Besides failing to honor treaties, the federal government created the Indian Act of 1876 to exert control over Indigenous communities. The Indian Residential School System, a product of this piece of legislation, tried to break Indigenous children from their culture and tradition, instead attempting to assimilate them into white culture. Talaga discusses her family’s own history with this system to show personally how it still impacts residential school survivors and their families today.

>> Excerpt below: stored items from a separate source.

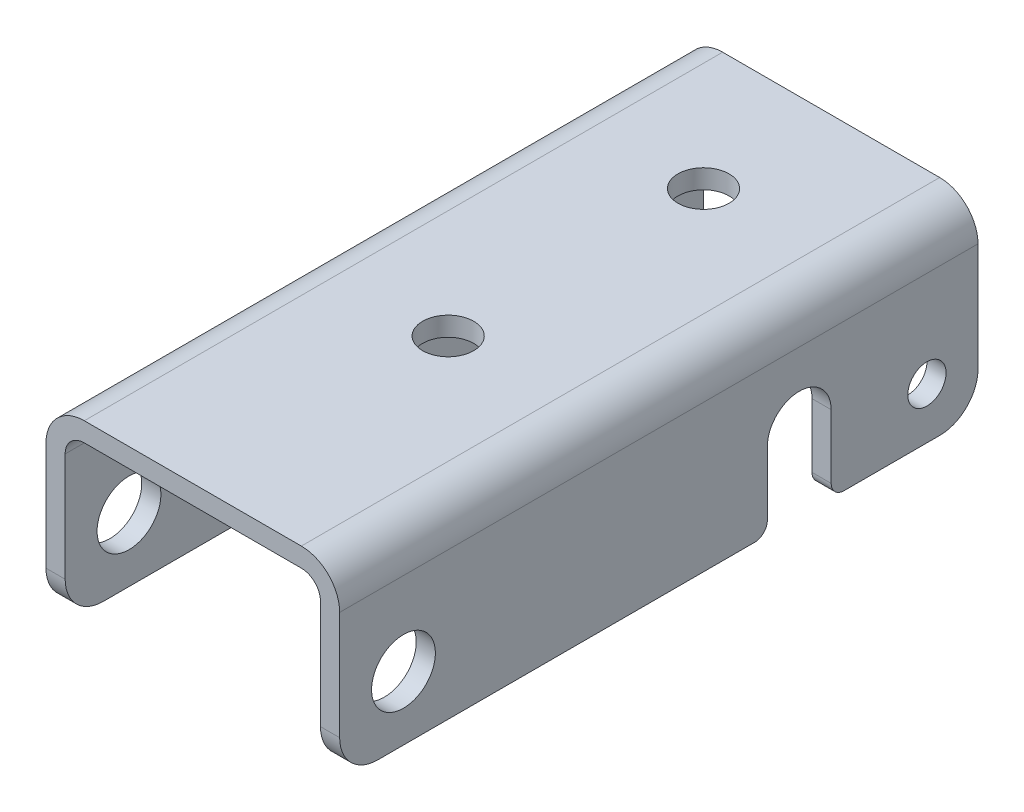
ISO-10303-21;
HEADER;
FILE_DESCRIPTION(('STEP AP214'),'2;1');
FILE_NAME('part.step','',(''),(''),'','','');
FILE_SCHEMA(('AUTOMOTIVE_DESIGN { 1 0 10303 214 1 1 1 1 }'));
ENDSEC;
DATA;
#1=APPLICATION_CONTEXT('core data for automotive mechanical design processes');
#2=APPLICATION_PROTOCOL_DEFINITION('international standard','automotive_design',2000,#1);
#3=PRODUCT_CONTEXT('',#1,'mechanical');
#4=PRODUCT('Part','Part','',(#3));
#5=PRODUCT_RELATED_PRODUCT_CATEGORY('part','',(#4));
#6=PRODUCT_DEFINITION_FORMATION('','',#4);
#7=PRODUCT_DEFINITION_CONTEXT('part definition',#1,'design');
#8=PRODUCT_DEFINITION('design','',#6,#7);
#9=PRODUCT_DEFINITION_SHAPE('','',#8);
#10=(LENGTH_UNIT() NAMED_UNIT(*) SI_UNIT(.MILLI.,.METRE.));
#11=(NAMED_UNIT(*) PLANE_ANGLE_UNIT() SI_UNIT($,.RADIAN.));
#12=(NAMED_UNIT(*) SI_UNIT($,.STERADIAN.) SOLID_ANGLE_UNIT());
#13=UNCERTAINTY_MEASURE_WITH_UNIT(LENGTH_MEASURE(1.E-05),#10,'distance_accuracy_value','');
#14=(GEOMETRIC_REPRESENTATION_CONTEXT(3) GLOBAL_UNCERTAINTY_ASSIGNED_CONTEXT((#13)) GLOBAL_UNIT_ASSIGNED_CONTEXT((#10,
#11,#12)) REPRESENTATION_CONTEXT('',''));
#15=CARTESIAN_POINT('',(0.,0.,0.));
#16=DIRECTION('',(0.,0.,1.));
#17=DIRECTION('',(1.,0.,0.));
#18=AXIS2_PLACEMENT_3D('',#15,#16,#17);
#19=CARTESIAN_POINT('',(10.,0.,25.));
#20=DIRECTION('',(0.,1.,0.));
#21=DIRECTION('',(0.,0.,1.));
#22=AXIS2_PLACEMENT_3D('',#19,#20,#21);
#23=PLANE('',#22);
#24=DIRECTION('',(0.,0.,-1.));
#25=VECTOR('',#24,1.);
#26=CARTESIAN_POINT('',(10.,0.,25.));
#27=LINE('',#26,#25);
#28=CARTESIAN_POINT('',(10.,0.,22.));
#29=VERTEX_POINT('',#28);
#30=CARTESIAN_POINT('',(10.,0.,-7.5));
#31=VERTEX_POINT('',#30);
#32=EDGE_CURVE('E316',#29,#31,#27,.T.);
#33=ORIENTED_EDGE('',*,*,#32,.T.);
#34=DIRECTION('',(1.,0.,0.));
#35=VECTOR('',#34,1.);
#36=CARTESIAN_POINT('',(10.,0.,-7.5));
#37=LINE('',#36,#35);
#38=CARTESIAN_POINT('',(11.5,0.,-7.5));
#39=VERTEX_POINT('',#38);
#40=EDGE_CURVE('E46',#31,#39,#37,.T.);
#41=ORIENTED_EDGE('',*,*,#40,.T.);
#42=DIRECTION('',(0.,0.,-1.));
#43=VECTOR('',#42,1.);
#44=CARTESIAN_POINT('',(11.5,0.,25.));
#45=LINE('',#44,#43);
#46=CARTESIAN_POINT('',(11.5,0.,22.));
#47=VERTEX_POINT('',#46);
#48=EDGE_CURVE('E351',#47,#39,#45,.T.);
#49=ORIENTED_EDGE('',*,*,#48,.F.);
#50=DIRECTION('',(1.,0.,0.));
#51=VECTOR('',#50,1.);
#52=CARTESIAN_POINT('',(10.,0.,22.));
#53=LINE('',#52,#51);
#54=EDGE_CURVE('E372',#47,#29,#53,.F.);
#55=ORIENTED_EDGE('',*,*,#54,.T.);
#56=EDGE_LOOP('',(#33,#41,#49,#55));
#57=FACE_BOUND('',#56,.T.);
#58=ADVANCED_FACE('F37',(#57),#23,.F.);
#59=CARTESIAN_POINT('',(-11.5,0.,25.));
#60=DIRECTION('',(0.,1.,0.));
#61=DIRECTION('',(0.,0.,1.));
#62=AXIS2_PLACEMENT_3D('',#59,#60,#61);
#63=PLANE('',#62);
#64=DIRECTION('',(0.,0.,-1.));
#65=VECTOR('',#64,1.);
#66=CARTESIAN_POINT('',(-11.5,0.,25.));
#67=LINE('',#66,#65);
#68=CARTESIAN_POINT('',(-11.5,0.,22.));
#69=VERTEX_POINT('',#68);
#70=CARTESIAN_POINT('',(-11.5,0.,-7.5));
#71=VERTEX_POINT('',#70);
#72=EDGE_CURVE('E335',#69,#71,#67,.T.);
#73=ORIENTED_EDGE('',*,*,#72,.T.);
#74=DIRECTION('',(1.,0.,0.));
#75=VECTOR('',#74,1.);
#76=CARTESIAN_POINT('',(-11.5,0.,-7.5));
#77=LINE('',#76,#75);
#78=CARTESIAN_POINT('',(-10.,0.,-7.5));
#79=VERTEX_POINT('',#78);
#80=EDGE_CURVE('E410',#71,#79,#77,.T.);
#81=ORIENTED_EDGE('',*,*,#80,.T.);
#82=DIRECTION('',(0.,0.,-1.));
#83=VECTOR('',#82,1.);
#84=CARTESIAN_POINT('',(-10.,0.,25.));
#85=LINE('',#84,#83);
#86=CARTESIAN_POINT('',(-10.,0.,22.));
#87=VERTEX_POINT('',#86);
#88=EDGE_CURVE('E331',#87,#79,#85,.T.);
#89=ORIENTED_EDGE('',*,*,#88,.F.);
#90=DIRECTION('',(1.,0.,0.));
#91=VECTOR('',#90,1.);
#92=CARTESIAN_POINT('',(-11.5,0.,22.));
#93=LINE('',#92,#91);
#94=EDGE_CURVE('E354',#87,#69,#93,.F.);
#95=ORIENTED_EDGE('',*,*,#94,.T.);
#96=EDGE_LOOP('',(#73,#81,#89,#95));
#97=FACE_BOUND('',#96,.T.);
#98=ADVANCED_FACE('F485',(#97),#63,.F.);
#99=CARTESIAN_POINT('',(11.5,0.,-14.5));
#100=VERTEX_POINT('',#99);
#101=CARTESIAN_POINT('',(11.5,0.,-22.));
#102=VERTEX_POINT('',#101);
#103=EDGE_CURVE('E350',#100,#102,#45,.T.);
#104=ORIENTED_EDGE('',*,*,#103,.F.);
#105=DIRECTION('',(1.,0.,0.));
#106=VECTOR('',#105,1.);
#107=CARTESIAN_POINT('',(10.,0.,-14.5));
#108=LINE('',#107,#106);
#109=CARTESIAN_POINT('',(10.,0.,-14.5));
#110=VERTEX_POINT('',#109);
#111=EDGE_CURVE('E422',#100,#110,#108,.F.);
#112=ORIENTED_EDGE('',*,*,#111,.T.);
#113=CARTESIAN_POINT('',(10.,0.,-22.));
#114=VERTEX_POINT('',#113);
#115=EDGE_CURVE('E295',#110,#114,#27,.T.);
#116=ORIENTED_EDGE('',*,*,#115,.T.);
#117=DIRECTION('',(1.,0.,0.));
#118=VECTOR('',#117,1.);
#119=CARTESIAN_POINT('',(10.,0.,-22.));
#120=LINE('',#119,#118);
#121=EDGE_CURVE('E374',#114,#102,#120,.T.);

Despite the Canadian government’s lack of respect for Indigenous peoples’ rights, Indigenous communities still remain resilient. An especially poignant example is when Indigenous peoples from different communities come together to look for missing children. These communities often conduct searches long before the police do. While colonialism and racism have fractured Indigenous families and communities, they’re still fighting for their people to rebuild what they lost. Protecting the youth is a key part of this fight. Another example of resiliency is that families don’t give up fighting for their children. The families of the seven fallen feathers know that the justice system doesn’t work for them; however, this doesn’t stop them from demanding that it be remedied. During the inquest, families raised concerns about the jury not including Indigenous representation, so their lawyer, Julian Falconer, refused to move forward with the inquest “until the issue of providing representational juries for indigenous cases was rectified” (242). Seven years passed before this issue was resolved and the inquest moved forward. Representation should be a basic right of all citizens within a country, yet this clearly isn’t the case for Indigenous communities.